[DATA SHOWN]:
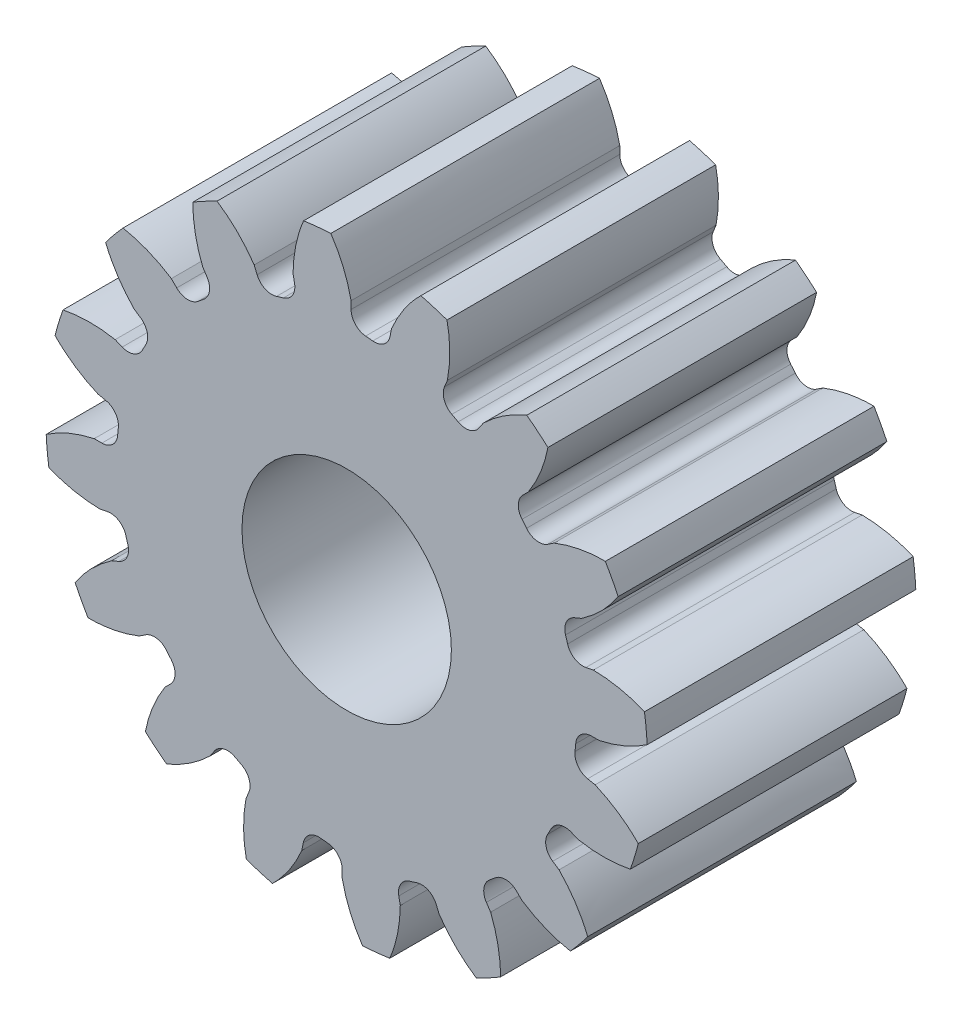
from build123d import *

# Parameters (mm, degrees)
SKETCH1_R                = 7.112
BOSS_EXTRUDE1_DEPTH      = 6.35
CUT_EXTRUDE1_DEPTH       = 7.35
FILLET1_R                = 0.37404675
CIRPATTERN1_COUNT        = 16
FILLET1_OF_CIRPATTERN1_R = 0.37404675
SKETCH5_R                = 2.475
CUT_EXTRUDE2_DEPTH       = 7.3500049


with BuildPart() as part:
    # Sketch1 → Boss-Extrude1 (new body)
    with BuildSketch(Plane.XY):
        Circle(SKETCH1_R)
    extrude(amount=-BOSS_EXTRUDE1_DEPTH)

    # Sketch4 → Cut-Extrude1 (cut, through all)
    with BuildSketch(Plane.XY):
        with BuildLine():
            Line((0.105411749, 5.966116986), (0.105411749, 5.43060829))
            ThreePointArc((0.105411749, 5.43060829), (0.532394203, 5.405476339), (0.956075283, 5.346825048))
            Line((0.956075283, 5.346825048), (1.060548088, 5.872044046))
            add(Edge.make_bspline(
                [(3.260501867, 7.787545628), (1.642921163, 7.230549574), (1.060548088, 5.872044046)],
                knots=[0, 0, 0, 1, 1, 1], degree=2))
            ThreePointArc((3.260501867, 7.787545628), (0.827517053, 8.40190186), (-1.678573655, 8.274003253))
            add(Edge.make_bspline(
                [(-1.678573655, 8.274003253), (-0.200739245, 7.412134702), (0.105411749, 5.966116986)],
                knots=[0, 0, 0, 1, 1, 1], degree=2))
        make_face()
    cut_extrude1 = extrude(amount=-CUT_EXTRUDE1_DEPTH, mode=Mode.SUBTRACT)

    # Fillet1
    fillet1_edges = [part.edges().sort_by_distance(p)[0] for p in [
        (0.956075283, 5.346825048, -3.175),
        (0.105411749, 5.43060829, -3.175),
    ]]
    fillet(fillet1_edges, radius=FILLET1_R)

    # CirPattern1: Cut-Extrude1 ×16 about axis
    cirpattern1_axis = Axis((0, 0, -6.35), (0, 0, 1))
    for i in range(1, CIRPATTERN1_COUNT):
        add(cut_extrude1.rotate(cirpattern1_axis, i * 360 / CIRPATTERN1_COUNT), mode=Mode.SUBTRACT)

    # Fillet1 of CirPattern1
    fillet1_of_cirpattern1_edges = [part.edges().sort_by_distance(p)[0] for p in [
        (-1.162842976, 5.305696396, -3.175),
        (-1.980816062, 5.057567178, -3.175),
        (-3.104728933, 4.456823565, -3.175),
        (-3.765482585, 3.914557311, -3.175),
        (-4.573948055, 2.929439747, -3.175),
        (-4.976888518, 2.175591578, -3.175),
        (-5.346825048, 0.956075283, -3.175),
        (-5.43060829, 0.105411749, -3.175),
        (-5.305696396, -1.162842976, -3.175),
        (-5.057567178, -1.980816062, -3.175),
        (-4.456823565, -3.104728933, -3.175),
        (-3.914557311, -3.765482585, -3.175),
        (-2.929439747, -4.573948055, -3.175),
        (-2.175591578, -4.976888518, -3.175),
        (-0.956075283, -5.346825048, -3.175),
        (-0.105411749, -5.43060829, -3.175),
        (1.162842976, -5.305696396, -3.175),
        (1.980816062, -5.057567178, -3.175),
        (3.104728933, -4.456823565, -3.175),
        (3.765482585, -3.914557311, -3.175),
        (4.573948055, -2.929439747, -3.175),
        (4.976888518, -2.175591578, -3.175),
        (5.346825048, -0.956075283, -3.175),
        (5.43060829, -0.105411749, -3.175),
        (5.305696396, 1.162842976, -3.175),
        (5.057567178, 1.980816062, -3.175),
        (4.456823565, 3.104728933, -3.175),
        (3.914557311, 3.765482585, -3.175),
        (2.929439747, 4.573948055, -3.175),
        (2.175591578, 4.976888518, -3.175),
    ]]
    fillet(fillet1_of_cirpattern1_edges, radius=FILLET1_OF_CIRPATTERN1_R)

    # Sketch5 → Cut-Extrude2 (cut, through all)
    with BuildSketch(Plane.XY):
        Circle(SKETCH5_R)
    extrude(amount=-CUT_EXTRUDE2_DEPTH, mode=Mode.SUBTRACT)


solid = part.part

[INSTRUCTIONS FOR THE TASK]: Write out the records above exactly as they stand, leaving out every picture.

[ANSWER TO THIS PROBLEM]:
from build123d import *

# Parameters (mm, degrees)
SKETCH1_R                = 7.112
BOSS_EXTRUDE1_DEPTH      = 6.35
CUT_EXTRUDE1_DEPTH       = 7.35
FILLET1_R                = 0.37404675
CIRPATTERN1_COUNT        = 16
FILLET1_OF_CIRPATTERN1_R = 0.37404675
SKETCH5_R                = 2.475
CUT_EXTRUDE2_DEPTH       = 7.3500049


with BuildPart() as part:
    # Sketch1 → Boss-Extrude1 (new body)
    with BuildSketch(Plane.XY):
        Circle(SKETCH1_R)
    extrude(amount=-BOSS_EXTRUDE1_DEPTH)

    # Sketch4 → Cut-Extrude1 (cut, through all)
    with BuildSketch(Plane.XY):
        with BuildLine():
            Line((0.105411749, 5.966116986), (0.105411749, 5.43060829))
            ThreePointArc((0.105411749, 5.43060829), (0.532394203, 5.405476339), (0.956075283, 5.346825048))
            Line((0.956075283, 5.346825048), (1.060548088, 5.872044046))
            add(Edge.make_bspline(
                [(3.260501867, 7.787545628), (1.642921163, 7.230549574), (1.060548088, 5.872044046)],
                knots=[0, 0, 0, 1, 1, 1], degree=2))
            ThreePointArc((3.260501867, 7.787545628), (0.827517053, 8.40190186), (-1.678573655, 8.274003253))
            add(Edge.make_bspline(
                [(-1.678573655, 8.274003253), (-0.200739245, 7.412134702), (0.105411749, 5.966116986)],
                knots=[0, 0, 0, 1, 1, 1], degree=2))
        make_face()
    cut_extrude1 = extrude(amount=-CUT_EXTRUDE1_DEPTH, mode=Mode.SUBTRACT)

    # Fillet1
    fillet1_edges = [part.edges().sort_by_distance(p)[0] for p in [
        (0.956075283, 5.346825048, -3.175),
        (0.105411749, 5.43060829, -3.175),
    ]]
    fillet(fillet1_edges, radius=FILLET1_R)

    # CirPattern1: Cut-Extrude1 ×16 about axis
    cirpattern1_axis = Axis((0, 0, -6.35), (0, 0, 1))
    for i in range(1, CIRPATTERN1_COUNT):
        add(cut_extrude1.rotate(cirpattern1_axis, i * 360 / CIRPATTERN1_COUNT), mode=Mode.SUBTRACT)

    # Fillet1 of CirPattern1
    fillet1_of_cirpattern1_edges = [part.edges().sort_by_distance(p)[0] for p in [
        (-1.162842976, 5.305696396, -3.175),
        (-1.980816062, 5.057567178, -3.175),
        (-3.104728933, 4.456823565, -3.175),
        (-3.765482585, 3.914557311, -3.175),
        (-4.573948055, 2.929439747, -3.175),
        (-4.976888518, 2.175591578, -3.175),
        (-5.346825048, 0.956075283, -3.175),
        (-5.43060829, 0.105411749, -3.175),
        (-5.305696396, -1.162842976, -3.175),
        (-5.057567178, -1.980816062, -3.175),
        (-4.456823565, -3.104728933, -3.175),
        (-3.914557311, -3.765482585, -3.175),
        (-2.929439747, -4.573948055, -3.175),
        (-2.175591578, -4.976888518, -3.175),
        (-0.956075283, -5.346825048, -3.175),
        (-0.105411749, -5.43060829, -3.175),
        (1.162842976, -5.305696396, -3.175),
        (1.980816062, -5.057567178, -3.175),
        (3.104728933, -4.456823565, -3.175),
        (3.765482585, -3.914557311, -3.175),
        (4.573948055, -2.929439747, -3.175),
        (4.976888518, -2.175591578, -3.175),
        (5.346825048, -0.956075283, -3.175),
        (5.43060829, -0.105411749, -3.175),
        (5.305696396, 1.162842976, -3.175),
        (5.057567178, 1.980816062, -3.175),
        (4.456823565, 3.104728933, -3.175),
        (3.914557311, 3.765482585, -3.175),
        (2.929439747, 4.573948055, -3.175),
        (2.175591578, 4.976888518, -3.175),
    ]]
    fillet(fillet1_of_cirpattern1_edges, radius=FILLET1_OF_CIRPATTERN1_R)

    # Sketch5 → Cut-Extrude2 (cut, through all)
    with BuildSketch(Plane.XY):
        Circle(SKETCH5_R)
    extrude(amount=-CUT_EXTRUDE2_DEPTH, mode=Mode.SUBTRACT)


solid = part.part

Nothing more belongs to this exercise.